Recreate the Tropics In Your Kitchen

July 12, 2017

Venture out to any major Mississippi roadway at any time of the day or night and you’ll see a steady stream of vehicles traveling south. I’m assuming all these people are headed to the beach. They may be going other places, but in my envious, beach-deprived state, it appears that way. If, like me, a beach trip isn’t in your immediate future, there are a few things we can do to recreate meals reminiscent of tropical dinners at breezy, waterside restaurant or a beach condo balcony. 

   

First, let’s set the beach scene. I accomplished this by decking my dining room table in a pastel blue cloth, topped with a rustic burlap runner. If you stand far enough away, it slightly resembles cool ocean water highlighted by a sandy beach. Speaking of sand, I’ve shared before my penchant for bringing it home from beach trips and using it in my summer décor. In case you missed it, here’s my summer decorating secret. 

   

The last time I visited the Mississippi Gulf Coast, I stowed a shovel and garbage bag in my car along with the cooler. I’m sure passing motorists on U. S. 90 questioned my sanity as I shoveled sand into an open bag. Back home with my sand stash, I used it to fill several Mason jars. Colorful seashells and votive candles were placed on top. Glimmering along the “sand” table runner, my beach tablescape was complete. So, the next time you go to the beach, don’t forget to bring some sand home as a souvenir. 

 

But back to beach meals. It’s impossible to channel a tropical feel without seafood, fruit, and vegetables that pair nicely. I found several recipes that contain elements of all three or that would fit right in on any beach-side restaurant menu.

   

For starters, a light, airy, tropical-inspired meal requires an equally refreshing beverage. The name alone - Sunset Cooler – made me want to try it. The completed drink, served up bright and festive in a clear beverage server, didn’t disappoint.  

 

To make it, combine a quart each of 7-Up and orange juice, half-quart each of apple juice and grape juice, and two cups of seltzer water. Pour a serving over a large glass of ice, close your eyes, and take a sip. You may not be in the tropics, but it sure will taste like it. 

   

Once your thirst has been quenched, dig into a light seafood salad. To make Shrimp-Avocado Delight, combine a pound of peeled, cooked, and deveined shrimp, a cup of pitted, peeled, and diced avocado, a cup of fresh corn (about two ears), a quarter cup of sliced red onion, and a sprinkle of ground black pepper. Stir in a quarter cup of Newman’s Own Lighten Up! Lime Vinaigrette. Cover and chill, then serve over chopped lettuce or serve with crackers.

     

If you’re not a seafood lover, you can still visit the tropics, courtesy of Tropical Chicken and Rice. Preheat the oven to 350 degrees. Season six skinless, boneless chicken breasts with a little poultry seasoning, salt, and ground black pepper. Next, combine 1-1/2 cups water with two cups of yellow rice mix and a teaspoon of soy sauce in a baking dish. 

   

Place the chicken on top, then pour two (15-ounce) cans of undrained pineapple chunks over the top. Bake until the chicken is no longer pink in the center and rice is tender, about 45 minutes. 

   

Speaking of pineapple, nothing says light, fruity, tropical and, most of all, perfect summer dessert, like this succulent fruit. Top off your beach meal with this delicious dessert. After one bite, you’ll swear cool, tropical breezes are blowing through your kitchen. 

 

 

Tropical Breeze Ice Cream Pie 

 

1 9-inch shortbread pie crust (or graham cracker)

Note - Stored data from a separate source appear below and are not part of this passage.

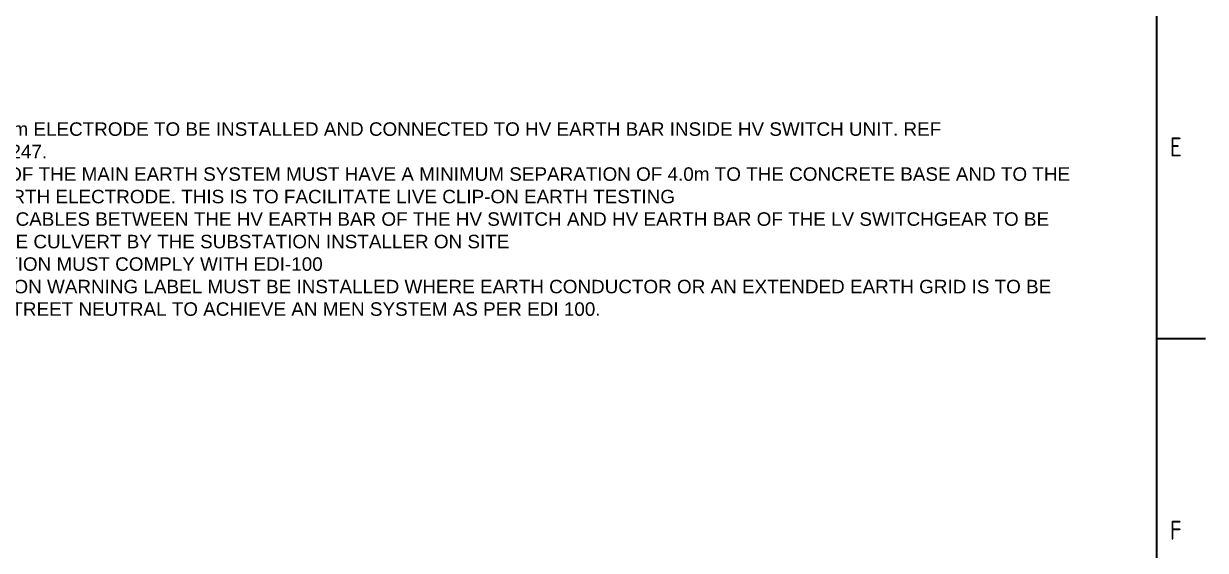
# Paper-space layout 'SHEET2' of a CAD drawing. Header units: metres. Extents: x 0 to 1324, y -5 to 581.
# Drawn here: x 1105.2 to 1323.9, y 177.4 to 275 of the extents above; entities that cross this region are included whole.
import ezdxf
from ezdxf import colors
from ezdxf.entities.mleader import LeaderData, LeaderLine
from ezdxf.enums import TextEntityAlignment as Align
from ezdxf.math import Vec2, Vec3

# ---------------------------------------------------------------- set-up
doc = ezdxf.new("R2010")
doc.units = ezdxf.units.M
doc.layers.get('0').update_dxf_attribs({"color": 6})
for name, color, linetype in [('_User Miscellaneous1', 7, 'Continuous'), ('Notes', 7, 'Continuous'), ('SupportsUG_SP_EXT', 7, 'Continuous')]:
    doc.layers.add(name, color=color, linetype=linetype)
doc.styles.add('iecISOCP', font='isocp.shx')
doc.styles.get("Standard").update_dxf_attribs({"font": 'arial.ttf'})

# ---------------------------------------------------------------- blocks, each defined once
blk = doc.blocks.new('A1_FRAME_TITLE')
at = {"layer": 'Notes', "linetype": 'Continuous'}
for p, q in [((803.45, 5.97), (803.45, 573.97)), ((803.44, 218.97), (812.44, 218.97))]:
    blk.add_line(p, q, dxfattribs=at)
blk.add_attdef('DRAFT_NUM', (10.62, 23.29), '', height=2.5, rotation=90)
at = {"layer": 'Notes', "style": 'iecISOCP'}
for s, p in [('E', (806.96, 254.47)), ('F', (806.96, 183.47))]:
    blk.add_text(s, height=3.5, dxfattribs=at).set_placement(p, align=Align.MIDDLE_CENTER)
at = {"layer": 'Notes', "style": 'iecISOCP', "flags": 8}
blk.add_attdef('VERSION_NO', text='', height=2.5, rotation=90, dxfattribs=at).set_placement((281.95, 43.81), align=Align.MIDDLE_CENTER)
at = {"layer": 'Notes', "style": 'iecISOCP'}
for tag, p in [('CAP_NO', (492.27, 43.46)), ('IE_NUM', (492.13, 37.81)), ('REF_No_1', (314.92, 31.95)), ('REF_1', (341.91, 31.95)), ('GEN_WO', (421.38, 31.41)), ('HV_SWITCH', (492.55, 31.81)), ('REF_No_2', (314.92, 25.95)), ('REF_2', (341.91, 25.95)), ('OH_WO', (421.38, 25.46)), ('UBD_REF', (492.13, 25.47)), ('REF_No_3', (314.92, 19.95)), ('REF_3', (341.91, 19.95)), ('UG_WO', (421.38, 19.7)), ('GIS_MAP_No', (492.13, 19.69)), ('REF_No_4', (314.92, 13.95)), ('REF_4', (341.91, 13.95)), ('SUB_WO', (421.38, 13.46)), ('HV_OP_DIAG', (492.41, 13.84)), ('LGA', (492.03, 7.42)), ('ExportID', (-11.47, 2.39))]:
    blk.add_attdef(tag, p, '', height=2.5, dxfattribs=at)
for tag, height, p in [('T1', 3.5, (663.66, 39.47)), ('T2', 3.5, (663.66, 34.35)), ('scale', 2.5, (547.04, 33.27)), ('T3', 3.5, (663.66, 28.92)), ('DRAWN', 2.5, (547.04, 25.37)), ('T4', 3.5, (663.66, 23.66)), ('REV', 5, (799.14, 17.1)), ('T5', 3.5, (663.66, 18.23)), ('DATE', 2.5, (547.04, 16.88)), ('T6', 3.5, (663.66, 12.97)), ('CHD', 2.5, (547.04, 8.88)), ('DESIGN', 2.5, (584.7, 9.15))]:
    blk.add_attdef(tag, text='', height=height, dxfattribs=at).set_placement(p, align=Align.CENTER)
blk.add_attdef('NUM', text='', height=7, dxfattribs=at).set_placement((771.45, 20.12), align=Align.MIDDLE_CENTER)
for tag, p in [('NS', (769.8, 8.12)), ('SHTS', (784.5, 8.12))]:
    blk.add_attdef(tag, text='', height=2.5, dxfattribs=at).set_placement(p, align=Align.MIDDLE)
at = {"layer": 'Notes', "style": 'iecISOCP', "flags": 1}
for tag, p in [('ProjectType', (-6.37, -26.8)), ('ProjectNumber', (3.01, -26.82)), ('DrawingNumber', (14.96, -26.8)), ('ProjectDescription', (27.02, -26.83)), ('ExportDate', (39.74, -26.79)), ('ExportUserName', (48.61, -26.8)), ('DesignerCompanyName', (60.94, -26.79)), ('ExportAreaOfInterest', (76.55, -26.81)), ('GIS_SUCCESS', (91.45, -26.78)), ('CAD_SUCCESS', (101.24, -26.78)), ('DEPOTCODE', (111.56, -26.88)), ('ExportCategories', (119.53, -26.8)), ('Comments', (133.84, -26.88))]:
    blk.add_attdef(tag, p, '', height=1, dxfattribs=at)

psp = doc.layouts.new('SHEET2')

# ---------------------------------------------------------------- block references
at = {"layer": 'SupportsUG_SP_EXT'}
psp.add_blockref('A1_FRAME_TITLE', (511.506, -2.327), dxfattribs=at)

# ---------------------------------------------------------------- texts
at = {"layer": '_User Miscellaneous1', "insert": (1058.962, 261.711), "char_height": 2.5, "attachment_point": 1}
psp.add_mtext_dynamic_manual_height_columns('\\pi-7.5,l7.5,t7.5;{\\H1.2x;\\LNOTES\\P\\ptz;}1.^ISUPPLEMENTARY 4.8m ELECTRODE TO BE INSTALLED AND CONNECTED TO HV EARTH BAR INSIDE HV SWITCH UNIT. REF DRAWING348246, 348247.\\P\\pt7.5;2.^IFIRST ELECTRODES OF THE MAIN EARTH SYSTEM MUST HAVE A MINIMUM SEPARATION OF 4.0m TO THE CONCRETE BASE AND TO THE SUPPLEMENTARY EARTH ELECTRODE. THIS IS TO FACILITATE LIVE CLIP-ON EARTH TESTING\\P3.^IEARTH CONNECTING CABLES BETWEEN THE HV EARTH BAR OF THE HV SWITCH AND HV EARTH BAR OF THE LV SWITCHGEAR TO BE INSTALLED INSIDE THE CULVERT BY THE SUBSTATION INSTALLER ON SITE\\P4.^IEARTHING INSTALLATION MUST COMPLY WITH EDI-100\\P5.^I{\\C7;AN EARTH CONNECTION WARNING LABEL MUST BE INSTALLED WHERE EARTH CONDUCTOR OR AN EXTENDED EARTH GRID IS TO BE CONNECTED TO LV STREET NEUTRAL TO ACHIEVE AN MEN SYSTEM AS PER EDI 100. }', width=240.71847, gutter_width=4, heights=[0], dxfattribs=at)

# ---------------------------------------------------------------- next in the draw order: leaders
at = {"layer": '_User Miscellaneous1'}
ml = psp.add_multileader_mtext('Standard', dxfattribs=at)
ml.set_content('LOT 7040, DP 1119495', color=256)
ml.set_leader_properties()
ml.build(insert=Vec2(0, 0))
ml.multileader.update_dxf_attribs({"has_text_frame": 1, "text_left_attachment_type": 3, "text_right_attachment_type": 2, "arrow_head_size": 2.5})
ctx = ml.context
ctx.base_point, ctx.char_height, ctx.arrow_head_size, ctx.landing_gap_size, ctx.plane_origin, ctx.plane_x_axis, ctx.plane_y_axis = Vec3(1144.482, 418.492), 2.5, 2.5, 2.5, Vec3(1132.827, 436.765), Vec3(0.3877308, 0.9217726), Vec3(-0.9217726, 0.3877308)
ctx.left_attachment, ctx.right_attachment = 3, 2
notes = []
notes.append((ctx, [(0, (0, 0, 0), (0, 0), (1, 0), 1, [])]))
ctx.mtext.insert, ctx.mtext.text_direction, ctx.mtext.rotation, ctx.mtext.width, ctx.mtext.flow_direction = Vec3(1144.031, 421.394), Vec3(0.3877308, 0.9217726), 1.1726278, 38.36641, 5
ctx.mtext.has_bg_fill, ctx.mtext.bg_color, ctx.mtext.bg_scale_factor, ctx.mtext.bg_transparency, ctx.mtext.use_window_bg_color = 1, -1027028792, 1.5, 0, 1
for ctx, leaders in notes:
    for number, flags, end, landing, length, lines in leaders:
        leader = LeaderData()
        leader.index, (leader.has_last_leader_line, leader.has_dogleg_vector, leader.attachment_direction) = number, flags
        leader.last_leader_point, leader.dogleg_vector, leader.dogleg_length = Vec3(end), Vec3(landing), length
        for number, points, colour, breaks in lines:
            line = LeaderLine()
            line.index, line.vertices, line.color, line.breaks = number, Vec3.list(points), colors.encode_raw_color(colour), breaks
            leader.lines.append(line)
        ctx.leaders.append(leader)

doc.saveas('drawing.dxf')

1 (20-ounce) can crushed pineapple, drained

2 firm bananas

1 quart orange sherbet or favorite flavor of fruity ice cream, such as strawberry, softened

1 cup whipping cream

1/4 cup chopped nuts, lightly toasted

1/4 cup flaked coconut, lightly toasted

 

First, place nuts and coconut on a baking sheet and toast in a 200-degree oven for a few minutes, being careful not to burn. While they are toasting, slice bananas and place in bottom of prepared pie crust. Spread sherbet or ice cream over bananas, then top with drained pineapple. Whip cream with hand mixer until soft peaks form. Spread over pineapple. Sprinkle toasted nuts and coconut over whipped cream. Cover lightly with non-stick foil and freeze for four hours or longer before slicing.